Professor of AI in the Department of Informatics of the AUEB

From Ion's personal website: I am Professor of Artificial Intelligence (AI) in the Department of Informatics of the Athens University of Economics and Business (AUEB), and head of AUEB's Natural Language Processing Group. I am also Scientific Advisor of the AI Centre of Excellence in Document Intelligence at NCSR "Demokritos", and Adjunct Researcher of the Institute for the Management of Information Systems (Digital Curation Unit) at the Research Centre "Athena".


Abhik Jana

Postdoctoral research associate at Universität Hamburg

From Abhik's personal website: I am a postdoctoral research associate at Universität Hamburg working under the supervision of Professor Chris Biemann. I am currently working on HILANO project which deals with the anonymization of sensitive data.


Daniel Martin Katz

Professor of Law, Chicago Kent College of Law

From his personal website: Research Interests include legal informatics, applied legal technology, law & economics, legal & regulatory complexity, artificial intelligence, artificial intelligence & law, machine learning & natural language processing, complex systems, network science, governance, financial regulation, financial technology, quantitative finance, quantitative modeling of litigation and jurisprudence, economics of the professions, blockchain & crypto infrastructure and the overall impact of information technology, analytics and automation on the future of society.


Nikolaos Aletras

Lecturer in NLP, Computer Science Department at the University of Sheffield

From his Sheffield profile page: Nikos Aletras is a Lecturer in Natural Language Processing (NLP) in the Computer Science Department at the University of Sheffield, co-affiliated with the Machine Learning (ML) group.

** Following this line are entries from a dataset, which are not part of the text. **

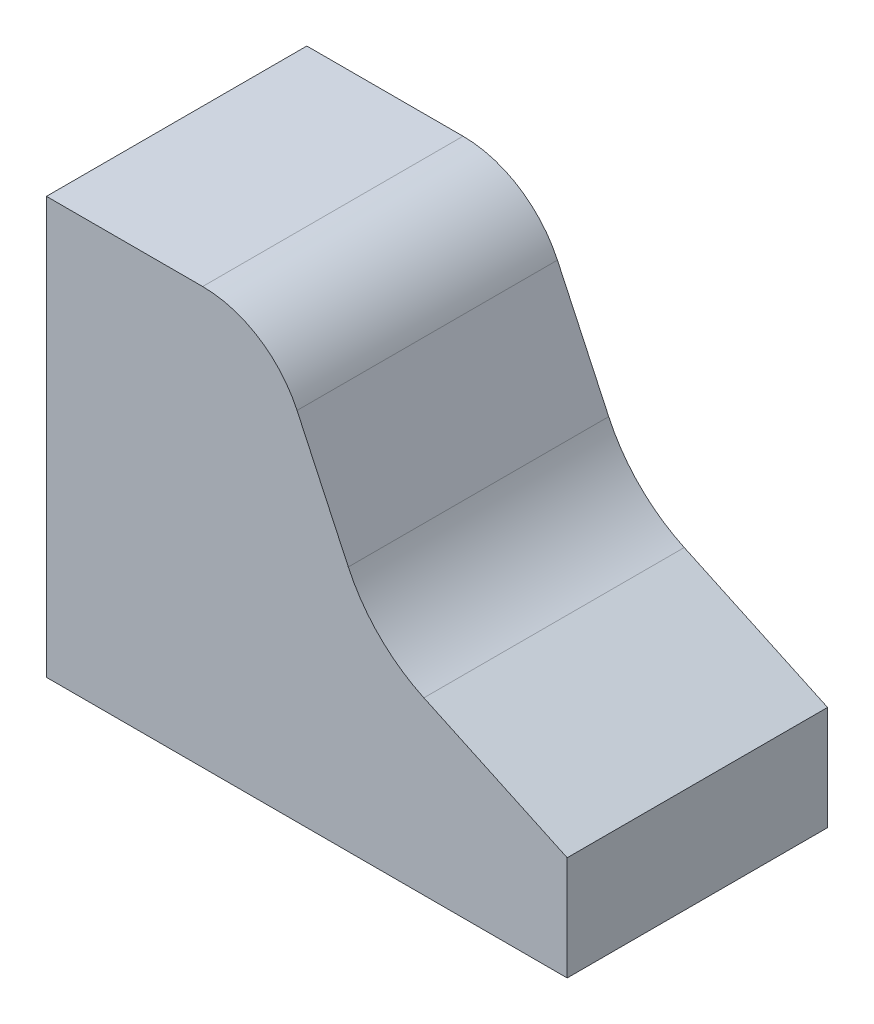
ISO-10303-21;
HEADER;
FILE_DESCRIPTION(('STEP AP214'),'2;1');
FILE_NAME('part.step','',(''),(''),'','','');
FILE_SCHEMA(('AUTOMOTIVE_DESIGN { 1 0 10303 214 1 1 1 1 }'));
ENDSEC;
DATA;
#1=APPLICATION_CONTEXT('core data for automotive mechanical design processes');
#2=APPLICATION_PROTOCOL_DEFINITION('international standard','automotive_design',2000,#1);
#3=PRODUCT_CONTEXT('',#1,'mechanical');
#4=PRODUCT('Part','Part','',(#3));
#5=PRODUCT_RELATED_PRODUCT_CATEGORY('part','',(#4));
#6=PRODUCT_DEFINITION_FORMATION('','',#4);
#7=PRODUCT_DEFINITION_CONTEXT('part definition',#1,'design');
#8=PRODUCT_DEFINITION('design','',#6,#7);
#9=PRODUCT_DEFINITION_SHAPE('','',#8);
#10=(LENGTH_UNIT() NAMED_UNIT(*) SI_UNIT(.MILLI.,.METRE.));
#11=(NAMED_UNIT(*) PLANE_ANGLE_UNIT() SI_UNIT($,.RADIAN.));
#12=(NAMED_UNIT(*) SI_UNIT($,.STERADIAN.) SOLID_ANGLE_UNIT());
#13=UNCERTAINTY_MEASURE_WITH_UNIT(LENGTH_MEASURE(1.E-05),#10,'distance_accuracy_value','');
#14=(GEOMETRIC_REPRESENTATION_CONTEXT(3) GLOBAL_UNCERTAINTY_ASSIGNED_CONTEXT((#13)) GLOBAL_UNIT_ASSIGNED_CONTEXT((#10,
#11,#12)) REPRESENTATION_CONTEXT('',''));
#15=CARTESIAN_POINT('',(0.,0.,0.));
#16=DIRECTION('',(0.,0.,1.));
#17=DIRECTION('',(1.,0.,0.));
#18=AXIS2_PLACEMENT_3D('',#15,#16,#17);
#19=CARTESIAN_POINT('',(0.,0.,63.5));
#20=DIRECTION('',(0.,1.,0.));
#21=DIRECTION('',(0.,0.,1.));
#22=AXIS2_PLACEMENT_3D('',#19,#20,#21);
#23=PLANE('',#22);
#24=DIRECTION('',(1.,0.,0.));
#25=VECTOR('',#24,1.);
#26=CARTESIAN_POINT('',(0.,0.,0.));
#27=LINE('',#26,#25);
#28=CARTESIAN_POINT('',(0.,0.,0.));
#29=VERTEX_POINT('',#28);
#30=CARTESIAN_POINT('',(127.,0.,0.));
#31=VERTEX_POINT('',#30);
#32=EDGE_CURVE('E128',#29,#31,#27,.T.);
#33=ORIENTED_EDGE('',*,*,#32,.T.);
#34=DIRECTION('',(0.,0.,-1.));
#35=VECTOR('',#34,1.);
#36=CARTESIAN_POINT('',(127.,0.,63.5));
#37=LINE('',#36,#35);
#38=CARTESIAN_POINT('',(127.,0.,63.5));
#39=VERTEX_POINT('',#38);
#40=EDGE_CURVE('E11',#39,#31,#37,.T.);
#41=ORIENTED_EDGE('',*,*,#40,.F.);
#42=DIRECTION('',(1.,0.,0.));
#43=VECTOR('',#42,1.);
#44=CARTESIAN_POINT('',(0.,0.,63.5));
#45=LINE('',#44,#43);
#46=CARTESIAN_POINT('',(0.,0.,63.5));
#47=VERTEX_POINT('',#46);
#48=EDGE_CURVE('E142',#47,#39,#45,.T.);
#49=ORIENTED_EDGE('',*,*,#48,.F.);
#50=DIRECTION('',(0.,0.,-1.));
#51=VECTOR('',#50,1.);
#52=CARTESIAN_POINT('',(0.,0.,63.5));
#53=LINE('',#52,#51);
#54=EDGE_CURVE('E124',#47,#29,#53,.T.);
#55=ORIENTED_EDGE('',*,*,#54,.T.);
#56=EDGE_LOOP('',(#33,#41,#49,#55));
#57=FACE_BOUND('',#56,.T.);
#58=ADVANCED_FACE('F32',(#57),#23,.F.);
#59=CARTESIAN_POINT('',(127.,0.,63.5));
#60=DIRECTION('',(-1.,0.,0.));
#61=DIRECTION('',(0.,0.,1.));
#62=AXIS2_PLACEMENT_3D('',#59,#60,#61);
#63=PLANE('',#62);
#64=DIRECTION('',(0.,1.,0.));
#65=VECTOR('',#64,1.);
#66=CARTESIAN_POINT('',(127.,0.,0.));
#67=LINE('',#66,#65);
#68=CARTESIAN_POINT('',(127.,25.4,0.));
#69=VERTEX_POINT('',#68);
#70=EDGE_CURVE('E131',#31,#69,#67,.T.);
#71=ORIENTED_EDGE('',*,*,#70,.T.);
#72=DIRECTION('',(0.,0.,-1.));
#73=VECTOR('',#72,1.);
#74=CARTESIAN_POINT('',(127.,25.4,63.5));
#75=LINE('',#74,#73);
#76=CARTESIAN_POINT('',(127.,25.4,63.5));
#77=VERTEX_POINT('',#76);
#78=EDGE_CURVE('E40',#77,#69,#75,.T.);
#79=ORIENTED_EDGE('',*,*,#78,.F.);
#80=DIRECTION('',(0.,1.,0.));
#81=VECTOR('',#80,1.);
#82=CARTESIAN_POINT('',(127.,0.,63.5));
#83=LINE('',#82,#81);
#84=EDGE_CURVE('E91',#39,#77,#83,.T.);
#85=ORIENTED_EDGE('',*,*,#84,.F.);
#86=ORIENTED_EDGE('',*,*,#40,.T.);
#87=EDGE_LOOP('',(#71,#79,#85,#86));
#88=FACE_BOUND('',#87,.T.);
#89=ADVANCED_FACE('F177',(#88),#63,.F.);
#90=CARTESIAN_POINT('',(127.,25.4,63.5));
#91=DIRECTION('',(-0.422618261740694,-0.906307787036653,0.));
#92=DIRECTION('',(0.906307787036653,-0.422618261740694,0.));
#93=AXIS2_PLACEMENT_3D('',#90,#91,#92);
#94=PLANE('',#93);
#95=DIRECTION('',(-0.906307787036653,0.422618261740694,0.));
#96=VECTOR('',#95,1.);
#97=CARTESIAN_POINT('',(127.,25.4,0.));
#98=LINE('',#97,#96);
#99=CARTESIAN_POINT('',(92.0497295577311,41.697578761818,0.));
#100=VERTEX_POINT('',#99);
#101=EDGE_CURVE('E133',#69,#100,#98,.T.);
#102=ORIENTED_EDGE('',*,*,#101,.T.);
#103=DIRECTION('',(0.,0.,-1.));
#104=VECTOR('',#103,1.);
#105=CARTESIAN_POINT('',(92.0497295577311,41.697578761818,63.5));
#106=LINE('',#105,#104);
#107=CARTESIAN_POINT('',(92.0497295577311,41.697578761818,63.5));
#108=VERTEX_POINT('',#107);
#109=EDGE_CURVE('E149',#108,#100,#106,.T.);
#110=ORIENTED_EDGE('',*,*,#109,.F.);
#111=DIRECTION('',(-0.906307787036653,0.422618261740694,0.));
#112=VECTOR('',#111,1.);
#113=CARTESIAN_POINT('',(127.,25.4,63.5));
#114=LINE('',#113,#112);
#115=EDGE_CURVE('E157',#77,#108,#114,.T.);
#116=ORIENTED_EDGE('',*,*,#115,.F.);
#117=ORIENTED_EDGE('',*,*,#78,.T.);
#118=EDGE_LOOP('',(#102,#110,#116,#117));
#119=FACE_BOUND('',#118,.T.);
#120=ADVANCED_FACE('F155',(#119),#94,.F.);
#121=CARTESIAN_POINT('',(108.151485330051,76.2279054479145,63.5));
#122=DIRECTION('',(0.,0.,-1.));
#123=DIRECTION('',(-1.,0.,0.));
#124=AXIS2_PLACEMENT_3D('',#121,#122,#123);
#125=CYLINDRICAL_SURFACE('',#124,38.1);
#126=CARTESIAN_POINT('',(108.151485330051,76.2279054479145,0.));
#127=DIRECTION('',(0.,0.,-1.));
#128=DIRECTION('',(-1.,0.,0.));
#129=AXIS2_PLACEMENT_3D('',#126,#127,#128);
#130=CIRCLE('',#129,38.1);
#131=CARTESIAN_POINT('',(73.6211586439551,60.1261496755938,0.));
#132=VERTEX_POINT('',#131);
#133=EDGE_CURVE('E135',#100,#132,#130,.T.);
#134=ORIENTED_EDGE('',*,*,#133,.T.);
#135=DIRECTION('',(0.,0.,-1.));
#136=VECTOR('',#135,1.);
#137=CARTESIAN_POINT('',(73.6211586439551,60.1261496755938,63.5));
#138=LINE('',#137,#136);
#139=CARTESIAN_POINT('',(73.6211586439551,60.1261496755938,63.5));
#140=VERTEX_POINT('',#139);
#141=EDGE_CURVE('E146',#140,#132,#138,.T.);
#142=ORIENTED_EDGE('',*,*,#141,.F.);
#143=CARTESIAN_POINT('',(108.151485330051,76.2279054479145,63.5));
#144=DIRECTION('',(0.,0.,-1.));
#145=DIRECTION('',(-1.,0.,0.));
#146=AXIS2_PLACEMENT_3D('',#143,#144,#145);
#147=CIRCLE('',#146,38.1);
#148=EDGE_CURVE('E169',#108,#140,#147,.T.);
#149=ORIENTED_EDGE('',*,*,#148,.F.);
#150=ORIENTED_EDGE('',*,*,#109,.T.);
#151=EDGE_LOOP('',(#134,#142,#149,#150));
#152=FACE_BOUND('',#151,.T.);
#153=ADVANCED_FACE('F165',(#152),#125,.F.);
#154=CARTESIAN_POINT('',(73.6211586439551,60.1261496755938,63.5));
#155=DIRECTION('',(-0.90630778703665,-0.4226182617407,0.));
#156=DIRECTION('',(0.4226182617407,-0.90630778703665,0.));
#157=AXIS2_PLACEMENT_3D('',#154,#155,#156);
#158=PLANE('',#157);
#159=DIRECTION('',(-0.4226182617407,0.906307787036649,0.));
#160=VECTOR('',#159,1.);
#161=CARTESIAN_POINT('',(73.6211586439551,60.1261496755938,0.));
#162=LINE('',#161,#160);
#163=CARTESIAN_POINT('',(61.1202177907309,86.9345038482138,0.));
#164=VERTEX_POINT('',#163);
#165=EDGE_CURVE('E137',#132,#164,#162,.T.);
#166=ORIENTED_EDGE('',*,*,#165,.T.);
#167=DIRECTION('',(0.,0.,-1.));
#168=VECTOR('',#167,1.);
#169=CARTESIAN_POINT('',(61.1202177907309,86.9345038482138,63.5));
#170=LINE('',#169,#168);
#171=CARTESIAN_POINT('',(61.1202177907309,86.9345038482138,63.5));
#172=VERTEX_POINT('',#171);
#173=EDGE_CURVE('E119',#172,#164,#170,.T.);
#174=ORIENTED_EDGE('',*,*,#173,.F.);
#175=DIRECTION('',(-0.4226182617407,0.906307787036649,0.));
#176=VECTOR('',#175,1.);
#177=CARTESIAN_POINT('',(73.6211586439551,60.1261496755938,63.5));
#178=LINE('',#177,#176);
#179=EDGE_CURVE('E110',#140,#172,#178,.T.);
#180=ORIENTED_EDGE('',*,*,#179,.F.);
#181=ORIENTED_EDGE('',*,*,#141,.T.);
#182=EDGE_LOOP('',(#166,#174,#180,#181));
#183=FACE_BOUND('',#182,.T.);
#184=ADVANCED_FACE('F168',(#183),#158,.F.);
#185=CARTESIAN_POINT('',(38.1,76.2,63.5));
#186=DIRECTION('',(0.,0.,-1.));
#187=DIRECTION('',(-1.,0.,0.));
#188=AXIS2_PLACEMENT_3D('',#185,#186,#187);
#189=CYLINDRICAL_SURFACE('',#188,25.4);
#190=CARTESIAN_POINT('',(38.1,76.2,0.));
#191=DIRECTION('',(0.,0.,1.));
#192=DIRECTION('',(1.,0.,0.));
#193=AXIS2_PLACEMENT_3D('',#190,#191,#192);
#194=CIRCLE('',#193,25.4);
#195=CARTESIAN_POINT('',(38.1,101.6,0.));
#196=VERTEX_POINT('',#195);
#197=EDGE_CURVE('E118',#164,#196,#194,.T.);
#198=ORIENTED_EDGE('',*,*,#197,.T.);
#199=DIRECTION('',(0.,0.,-1.));
#200=VECTOR('',#199,1.);
#201=CARTESIAN_POINT('',(38.1,101.6,63.5));
#202=LINE('',#201,#200);
#203=CARTESIAN_POINT('',(38.1,101.6,63.5));
#204=VERTEX_POINT('',#203);
#205=EDGE_CURVE('E115',#204,#196,#202,.T.);
#206=ORIENTED_EDGE('',*,*,#205,.F.);
#207=CARTESIAN_POINT('',(38.1,76.2,63.5));
#208=DIRECTION('',(0.,0.,1.));
#209=DIRECTION('',(1.,0.,0.));
#210=AXIS2_PLACEMENT_3D('',#207,#208,#209);
#211=CIRCLE('',#210,25.4);
#212=EDGE_CURVE('E104',#172,#204,#211,.T.);
#213=ORIENTED_EDGE('',*,*,#212,.F.);
#214=ORIENTED_EDGE('',*,*,#173,.T.);
#215=EDGE_LOOP('',(#198,#206,#213,#214));
#216=FACE_BOUND('',#215,.T.);
#217=ADVANCED_FACE('F116',(#216),#189,.T.);
#218=CARTESIAN_POINT('',(38.1,101.6,63.5));
#219=DIRECTION('',(0.,-1.,0.));
#220=DIRECTION('',(0.,0.,-1.));
#221=AXIS2_PLACEMENT_3D('',#218,#219,#220);
#222=PLANE('',#221);
#223=DIRECTION('',(-1.,0.,0.));
#224=VECTOR('',#223,1.);
#225=CARTESIAN_POINT('',(38.1,101.6,0.));
#226=LINE('',#225,#224);
#227=CARTESIAN_POINT('',(0.,101.6,0.));
#228=VERTEX_POINT('',#227);
#229=EDGE_CURVE('E77',#196,#228,#226,.T.);
#230=ORIENTED_EDGE('',*,*,#229,.T.);
#231=DIRECTION('',(0.,0.,-1.));
#232=VECTOR('',#231,1.);
#233=CARTESIAN_POINT('',(0.,101.6,63.5));
#234=LINE('',#233,#232);
#235=CARTESIAN_POINT('',(0.,101.6,63.5));
#236=VERTEX_POINT('',#235);
#237=EDGE_CURVE('E120',#236,#228,#234,.T.);
#238=ORIENTED_EDGE('',*,*,#237,.F.);
#239=DIRECTION('',(-1.,0.,0.));
#240=VECTOR('',#239,1.);
#241=CARTESIAN_POINT('',(38.1,101.6,63.5));
#242=LINE('',#241,#240);
#243=EDGE_CURVE('E108',#204,#236,#242,.T.);
#244=ORIENTED_EDGE('',*,*,#243,.F.);
#245=ORIENTED_EDGE('',*,*,#205,.T.);
#246=EDGE_LOOP('',(#230,#238,#244,#245));
#247=FACE_BOUND('',#246,.T.);
#248=ADVANCED_FACE('F122',(#247),#222,.F.);
#249=CARTESIAN_POINT('',(0.,0.,63.5));
#250=DIRECTION('',(1.,0.,0.));
#251=DIRECTION('',(0.,0.,-1.));
#252=AXIS2_PLACEMENT_3D('',#249,#250,#251);
#253=PLANE('',#252);
#254=DIRECTION('',(0.,-1.,0.));
#255=VECTOR('',#254,1.);
#256=CARTESIAN_POINT('',(0.,0.,0.));
#257=LINE('',#256,#255);
#258=EDGE_CURVE('E83',#228,#29,#257,.T.);
#259=ORIENTED_EDGE('',*,*,#258,.T.);
#260=ORIENTED_EDGE('',*,*,#54,.F.);
#261=DIRECTION('',(0.,-1.,0.));
#262=VECTOR('',#261,1.);
#263=CARTESIAN_POINT('',(0.,0.,63.5));
#264=LINE('',#263,#262);
#265=EDGE_CURVE('E48',#236,#47,#264,.T.);
#266=ORIENTED_EDGE('',*,*,#265,.F.);
#267=ORIENTED_EDGE('',*,*,#237,.T.);
#268=EDGE_LOOP('',(#259,#260,#266,#267));
#269=FACE_BOUND('',#268,.T.);
#270=ADVANCED_FACE('F193',(#269),#253,.F.);
#271=CARTESIAN_POINT('',(108.151485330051,76.2279054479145,63.5));
#272=DIRECTION('',(0.,0.,-1.));
#273=DIRECTION('',(-1.,0.,0.));
#274=AXIS2_PLACEMENT_3D('',#271,#272,#273);
#275=PLANE('',#274);
#276=ORIENTED_EDGE('',*,*,#48,.T.);
#277=ORIENTED_EDGE('',*,*,#84,.T.);
#278=ORIENTED_EDGE('',*,*,#115,.T.);
#279=ORIENTED_EDGE('',*,*,#148,.T.);
#280=ORIENTED_EDGE('',*,*,#179,.T.);
#281=ORIENTED_EDGE('',*,*,#212,.T.);
#282=ORIENTED_EDGE('',*,*,#243,.T.);
#283=ORIENTED_EDGE('',*,*,#265,.T.);
#284=EDGE_LOOP('',(#276,#277,#278,#279,#280,#281,#282,#283));
#285=FACE_BOUND('',#284,.T.);
#286=ADVANCED_FACE('F106',(#285),#275,.F.);
#287=CARTESIAN_POINT('',(108.151485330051,76.2279054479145,0.));
#288=DIRECTION('',(0.,0.,-1.));
#289=DIRECTION('',(-1.,0.,0.));
#290=AXIS2_PLACEMENT_3D('',#287,#288,#289);
#291=PLANE('',#290);
#292=ORIENTED_EDGE('',*,*,#32,.F.);
#293=ORIENTED_EDGE('',*,*,#258,.F.);
#294=ORIENTED_EDGE('',*,*,#229,.F.);
#295=ORIENTED_EDGE('',*,*,#197,.F.);
#296=ORIENTED_EDGE('',*,*,#165,.F.);
#297=ORIENTED_EDGE('',*,*,#133,.F.);
#298=ORIENTED_EDGE('',*,*,#101,.F.);
#299=ORIENTED_EDGE('',*,*,#70,.F.);
#300=EDGE_LOOP('',(#292,#293,#294,#295,#296,#297,#298,#299));
#301=FACE_BOUND('',#300,.T.);
#302=ADVANCED_FACE('F161',(#301),#291,.T.);
#303=CLOSED_SHELL('',(#58,#89,#120,#153,#184,#217,#248,#270,#286,#302));
#304=MANIFOLD_SOLID_BREP('B2',#303);
#305=ADVANCED_BREP_SHAPE_REPRESENTATION('',(#18,#304),#14);
#306=SHAPE_DEFINITION_REPRESENTATION(#9,#305);
ENDSEC;
END-ISO-10303-21;

Previously, he was a research scientist at Amazon (Core ML and Alexa) and a research associate at UCL, Department of Computer Science, Media Futures Group. He completed a PhD in NLP at the University of Sheffield. His research interests are in NLP, Machine Learning and Data Science. He develops text analysis methods to solve problems in other scientific areas such as (computational) social and legal science.


Ilias Chalkidis

ost-doctoral researcher at the Department of Computer Science at University of Copenhagen

From Ilias' personal website: I am a post-doctoral researcher at the Department of Computer Science at University of Copenhagen (CoAStaL NLP Group). I recently received my Ph.D. from the Department of Informatics at Athens University of Economics and Business. My expertise is in Legal Natural Language Processing (LegalNLP), also known as Legal Intelligence. I have been a reviewer for ACL venues (ACL/EMNLP/NAACL 2020-2021) and reputable journals, such as AI & Law, PeerJ, ACM Computing Surveys, and Computer Speech & Language. I have also served and currently serve in the program committees of AI and NLP workshops targeting legal applications (AI4LEGAL, NLLP).